▸ TASK DIRECTIONS: Leave out the pictures and restate the rest of the data exactly.

[Data records]
────────────────────
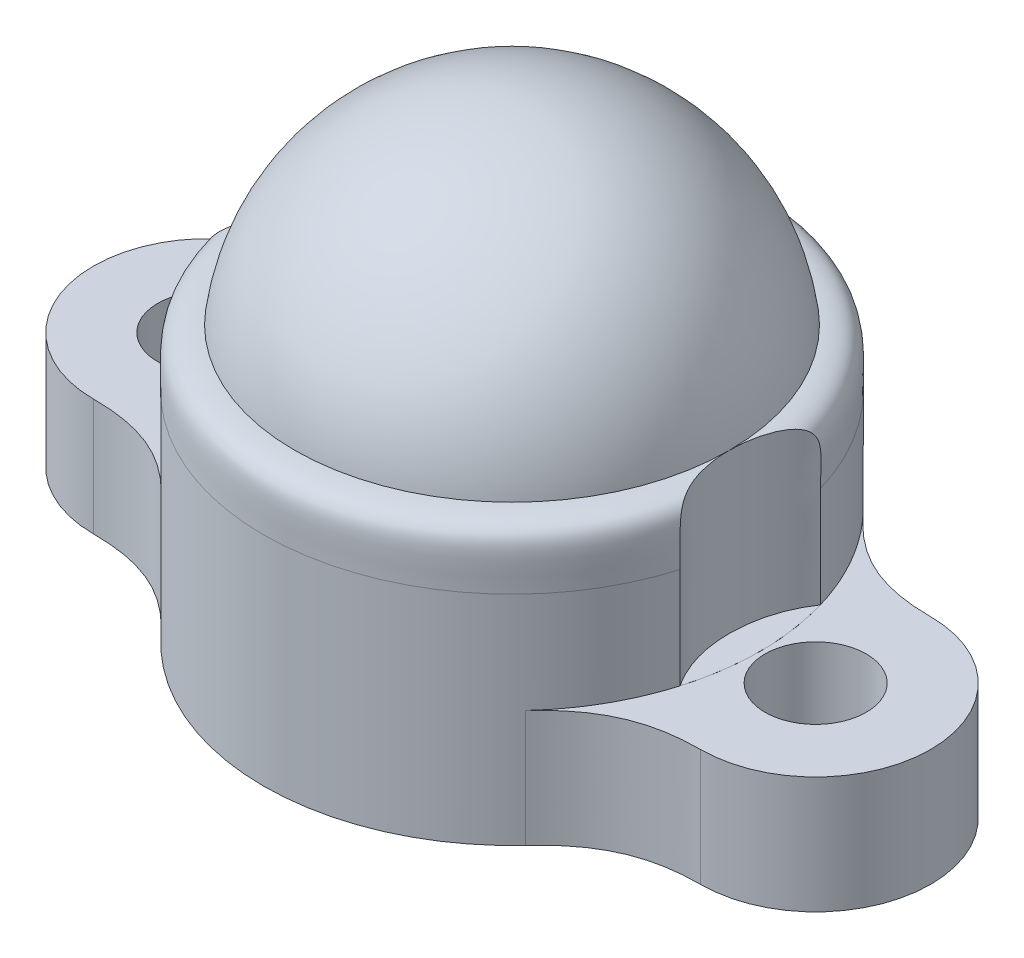
from build123d import *

# Parameters (mm, degrees)
BOSS_EXTRUDE1_START     = -2.54
BOSS_EXTRUDE1_OUTLINE_R = 1.1
BOSS_EXTRUDE1_DEPTH     = 2.54
SKETCH3_RX              = 2.33666154
SKETCH3_RY              = 1.874039112
CUT_EXTRUDE1_DEPTH      = 14.04273116


# Read off the part's stored shape, not the designer's step: Boss-Extrude1
with BuildPart() as part:
    # Sketch1 → Revolve3 (revolve)
    with BuildSketch(Plane.XY, mode=Mode.PRIVATE) as revolve3_sk:
        with BuildLine():
            Line((0, -5.3975), (0, 4.7625))
            ThreePointArc((0, 4.7625), (-3.152553538, 3.569707612), (-4.725960888, 0.58881231))
            add(Edge.make_bspline(
                [(-4.725960888, 0.58881231), (-5.528679385, 0.558813228), (-5.399616231, 0.190451496), (-5.399616231, -0.666596714)],
                knots=[0, 0, 0, 0, 1, 1, 1, 1], degree=3))
            Line((-5.399616231, -0.666596714), (-5.399616231, -5.3975))
            Line((-5.399616231, -5.3975), (0, -5.3975))
        make_face()
    revolve(revolve3_sk.sketch.rotate(Axis((0, 8.574910523, 0), (0, -1, 0)), 180), axis=Axis((0, 8.574910523, 0), (0, -1, 0)))

    # Sketch3 → Cut-Extrude1 (cut, through all)
    with BuildSketch(Plane(origin=(0, -2.8575, 0), x_dir=(1, 0, 0), z_dir=(0, 1, 0))):
        with Locations(Location((-6.6, 0), (0, 0, 90))):
            Ellipse(SKETCH3_RX, SKETCH3_RY)
        with Locations(Location((6.6, 0), (0, 0, 90))):
            Ellipse(SKETCH3_RX, SKETCH3_RY)
    extrude(amount=CUT_EXTRUDE1_DEPTH, mode=Mode.SUBTRACT)


with BuildPart() as body_2:
    # Boss-Extrude1 outline → Boss-Extrude1 (new body)
    # profile 1 of 2: a face of its own
    with BuildSketch(Plane.XZ.offset(5.3975).offset(BOSS_EXTRUDE1_START)):
        with BuildLine():
            add(Edge.make_bspline(
                [(6.6, -2.5), (5.362311666, -2.5), (4.636385799, -2.941104214), (3.959842535, -3.670899419)],
                knots=[0, 0, 0, 0, 1, 1, 1, 1], degree=3))
            ThreePointArc((6.6, -2.5), (9.1, 0), (6.6, 2.5))
            add(Edge.make_bspline(
                [(6.6, 2.5), (5.362311666, 2.5), (4.636385799, 2.941104214), (3.959842535, 3.670899419)],
                knots=[0, 0, 0, 0, 1, 1, 1, 1], degree=3))
            ThreePointArc((3.959842535, 3.670899419), (5.399616231, 0), (3.959842535, -3.670899419))
        make_face()
        with Locations((6.6, 0)):
            Circle(BOSS_EXTRUDE1_OUTLINE_R, mode=Mode.SUBTRACT)
    # profile 2 of 2: a face of its own
    with BuildSketch(Plane.XZ.offset(5.3975).offset(BOSS_EXTRUDE1_START)):
        with BuildLine():
            ThreePointArc((-6.6, 2.5), (-9.1, 0), (-6.6, -2.5))
            add(Edge.make_bspline(
                [(-6.6, -2.5), (-5.362311666, -2.5), (-4.636385799, -2.941104214), (-3.959842535, -3.670899419)],
                knots=[0, 0, 0, 0, 1, 1, 1, 1], degree=3))
            ThreePointArc((-3.959842535, -3.670899419), (-5.399616231, 0), (-3.959842535, 3.670899419))
            add(Edge.make_bspline(
                [(-6.6, 2.5), (-5.362311666, 2.5), (-4.636385799, 2.941104214), (-3.959842535, 3.670899419)],
                knots=[0, 0, 0, 0, 1, 1, 1, 1], degree=3))
        make_face()
        with Locations((-6.6, 0)):
            Circle(BOSS_EXTRUDE1_OUTLINE_R, mode=Mode.SUBTRACT)
    extrude(amount=BOSS_EXTRUDE1_DEPTH)


solid = Compound([part.part, body_2.part])
────────────────────
▸ TASK RESPONSE:
from build123d import *

# Parameters (mm, degrees)
BOSS_EXTRUDE1_START     = -2.54
BOSS_EXTRUDE1_OUTLINE_R = 1.1
BOSS_EXTRUDE1_DEPTH     = 2.54
SKETCH3_RX              = 2.33666154
SKETCH3_RY              = 1.874039112
CUT_EXTRUDE1_DEPTH      = 14.04273116


# Read off the part's stored shape, not the designer's step: Boss-Extrude1
with BuildPart() as part:
    # Sketch1 → Revolve3 (revolve)
    with BuildSketch(Plane.XY, mode=Mode.PRIVATE) as revolve3_sk:
        with BuildLine():
            Line((0, -5.3975), (0, 4.7625))
            ThreePointArc((0, 4.7625), (-3.152553538, 3.569707612), (-4.725960888, 0.58881231))
            add(Edge.make_bspline(
                [(-4.725960888, 0.58881231), (-5.528679385, 0.558813228), (-5.399616231, 0.190451496), (-5.399616231, -0.666596714)],
                knots=[0, 0, 0, 0, 1, 1, 1, 1], degree=3))
            Line((-5.399616231, -0.666596714), (-5.399616231, -5.3975))
            Line((-5.399616231, -5.3975), (0, -5.3975))
        make_face()
    revolve(revolve3_sk.sketch.rotate(Axis((0, 8.574910523, 0), (0, -1, 0)), 180), axis=Axis((0, 8.574910523, 0), (0, -1, 0)))

    # Sketch3 → Cut-Extrude1 (cut, through all)
    with BuildSketch(Plane(origin=(0, -2.8575, 0), x_dir=(1, 0, 0), z_dir=(0, 1, 0))):
        with Locations(Location((-6.6, 0), (0, 0, 90))):
            Ellipse(SKETCH3_RX, SKETCH3_RY)
        with Locations(Location((6.6, 0), (0, 0, 90))):
            Ellipse(SKETCH3_RX, SKETCH3_RY)
    extrude(amount=CUT_EXTRUDE1_DEPTH, mode=Mode.SUBTRACT)


with BuildPart() as body_2:
    # Boss-Extrude1 outline → Boss-Extrude1 (new body)
    # profile 1 of 2: a face of its own
    with BuildSketch(Plane.XZ.offset(5.3975).offset(BOSS_EXTRUDE1_START)):
        with BuildLine():
            add(Edge.make_bspline(
                [(6.6, -2.5), (5.362311666, -2.5), (4.636385799, -2.941104214), (3.959842535, -3.670899419)],
                knots=[0, 0, 0, 0, 1, 1, 1, 1], degree=3))
            ThreePointArc((6.6, -2.5), (9.1, 0), (6.6, 2.5))
            add(Edge.make_bspline(
                [(6.6, 2.5), (5.362311666, 2.5), (4.636385799, 2.941104214), (3.959842535, 3.670899419)],
                knots=[0, 0, 0, 0, 1, 1, 1, 1], degree=3))
            ThreePointArc((3.959842535, 3.670899419), (5.399616231, 0), (3.959842535, -3.670899419))
        make_face()
        with Locations((6.6, 0)):
            Circle(BOSS_EXTRUDE1_OUTLINE_R, mode=Mode.SUBTRACT)
    # profile 2 of 2: a face of its own
    with BuildSketch(Plane.XZ.offset(5.3975).offset(BOSS_EXTRUDE1_START)):
        with BuildLine():
            ThreePointArc((-6.6, 2.5), (-9.1, 0), (-6.6, -2.5))
            add(Edge.make_bspline(
                [(-6.6, -2.5), (-5.362311666, -2.5), (-4.636385799, -2.941104214), (-3.959842535, -3.670899419)],
                knots=[0, 0, 0, 0, 1, 1, 1, 1], degree=3))
            ThreePointArc((-3.959842535, -3.670899419), (-5.399616231, 0), (-3.959842535, 3.670899419))
            add(Edge.make_bspline(
                [(-6.6, 2.5), (-5.362311666, 2.5), (-4.636385799, 2.941104214), (-3.959842535, 3.670899419)],
                knots=[0, 0, 0, 0, 1, 1, 1, 1], degree=3))
        make_face()
        with Locations((-6.6, 0)):
            Circle(BOSS_EXTRUDE1_OUTLINE_R, mode=Mode.SUBTRACT)
    extrude(amount=BOSS_EXTRUDE1_DEPTH)


solid = Compound([part.part, body_2.part])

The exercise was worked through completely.